General characteristics
- Displacement: 400 tons
- Length: 125 ft (38 m)
- Beam: not known
- Draught: 3 ft 6 in (1.07 m)
- Propulsion: steam engine; stern wheel-propelled;
- Speed: not known
- Complement: not known
- Armament: two 24-pounder howitzers
- Armour: ironclad

= USS Barataria (1862) =

Steamer captured by the Union Army during the American Civil War

The first USS Barataria was a steamer captured by the Union Army during the American Civil War. She was used by the Union Navy as a gunboat in support of the Union Navy blockade of Confederate waterways.

== Barataria captured by the Union Army and placed into Union Navy service ==

Barataria, an ironclad gunboat, was seized by the Union Army at New Orleans, Louisiana, shortly after Flag Officer David Farragut's task force from the West Gulf Blockading Squadron captured that city on April 25, 1862. The Union Army used the steamer through the end of the year and transferred her to the Navy on January 1, 1863.

== Modified for Louisiana coastal and inland operations ==

The steamer was outfitted at New Orleans and armed with two 24-pounder howitzers so that she might serve as a gunboat in the shallow inland waters of Louisiana—such as Lake Borgne, Lake Pontchartrain, and Lake Maurepas.

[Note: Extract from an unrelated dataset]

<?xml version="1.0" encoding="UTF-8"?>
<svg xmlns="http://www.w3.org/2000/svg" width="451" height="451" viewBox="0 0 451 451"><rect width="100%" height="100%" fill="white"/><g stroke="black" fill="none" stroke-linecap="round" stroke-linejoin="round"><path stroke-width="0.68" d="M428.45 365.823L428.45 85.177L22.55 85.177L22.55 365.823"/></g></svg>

Although few records of her service have survived, it seems that Barataria was used primarily to support operations of Army troops commanded by Major General Godfrey Weitzel in Louisiana's coastal inland waters.

== Barataria strikes a snag in the river, is attacked by Confederates ==

While on such a mission, the gunboat commanded by Acting Ensign James F. Perkins struck a snag in Lake Maurepas at the mouth of the Amite River early on the morning of April 7, 1863. Throughout that day, her small crew assisted by Union soldiers of the 6th Michigan Volunteers fought off Confederate guerrilla attacks while also jettisoning equipment to lighten ship. However, even sacrificing her bow gun and emptying her boiler failed to refloat Barataria by sunset.

== Barataria is put to the torch to prevent capture while her crew escapes ==

Then, lest she fall into enemy hands, Perkins put the torch to the stranded stern wheeler; and her magazine exploded soon after all hands had escaped in small boats.